Work to complete | Whatever appears in the records apart from pictures must be reproduced exactly.

Task inputs |

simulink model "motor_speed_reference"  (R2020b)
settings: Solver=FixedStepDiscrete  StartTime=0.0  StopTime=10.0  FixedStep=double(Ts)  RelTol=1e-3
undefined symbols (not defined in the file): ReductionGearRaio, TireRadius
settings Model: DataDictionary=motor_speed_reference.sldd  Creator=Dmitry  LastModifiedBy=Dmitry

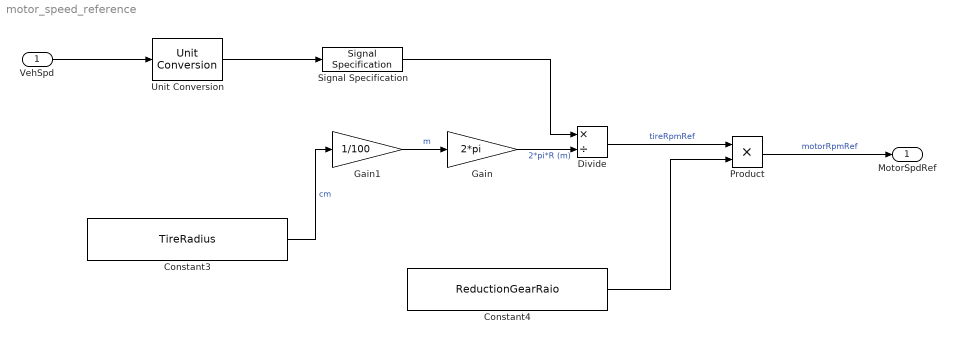
== system motor_speed_reference ==
  VehSpd : Inport  Unit=km/hr
  Constant3 : Constant  Value=TireRadius
  Constant4 : Constant  Value=ReductionGearRaio
  Divide : Product  Inputs=*/
  Gain : Gain  Gain=2*pi
  Gain1 : Gain  Gain=1/100
  Product : Product
  Signal Specification : SignalSpecification  Unit=m/min
  Unit Conversion : UnitConversion
  MotorSpdRef : Outport  Unit=rpm  VectorParamsAs1DForOutWhenUnconnected=off
  wires:
  VehSpd/1 -> Unit Conversion/1
  Constant3/1 -> Gain1/1  "cm"
  Gain1/1 -> Gain/1  "m"
  Unit Conversion/1 -> Signal Specification/1
  Product/1 -> MotorSpdRef/1  "motorRpmRef"
  Gain/1 -> Divide/2  "2*pi*R (m)"
  Divide/1 -> Product/1  "tireRpmRef"
  Constant4/1 -> Product/2
  Signal Specification/1 -> Divide/1

Final answer |
simulink model "motor_speed_reference"  (R2020b)
settings: Solver=FixedStepDiscrete  StartTime=0.0  StopTime=10.0  FixedStep=double(Ts)  RelTol=1e-3
undefined symbols (not defined in the file): ReductionGearRaio, TireRadius
settings Model: DataDictionary=motor_speed_reference.sldd  Creator=Dmitry  LastModifiedBy=Dmitry

== system motor_speed_reference ==
  VehSpd : Inport  Unit=km/hr
  Constant3 : Constant  Value=TireRadius
  Constant4 : Constant  Value=ReductionGearRaio
  Divide : Product  Inputs=*/
  Gain : Gain  Gain=2*pi
  Gain1 : Gain  Gain=1/100
  Product : Product
  Signal Specification : SignalSpecification  Unit=m/min
  Unit Conversion : UnitConversion
  MotorSpdRef : Outport  Unit=rpm  VectorParamsAs1DForOutWhenUnconnected=off
  wires:
  VehSpd/1 -> Unit Conversion/1
  Constant3/1 -> Gain1/1  "cm"
  Gain1/1 -> Gain/1  "m"
  Unit Conversion/1 -> Signal Specification/1
  Product/1 -> MotorSpdRef/1  "motorRpmRef"
  Gain/1 -> Divide/2  "2*pi*R (m)"
  Divide/1 -> Product/1  "tireRpmRef"
  Constant4/1 -> Product/2
  Signal Specification/1 -> Divide/1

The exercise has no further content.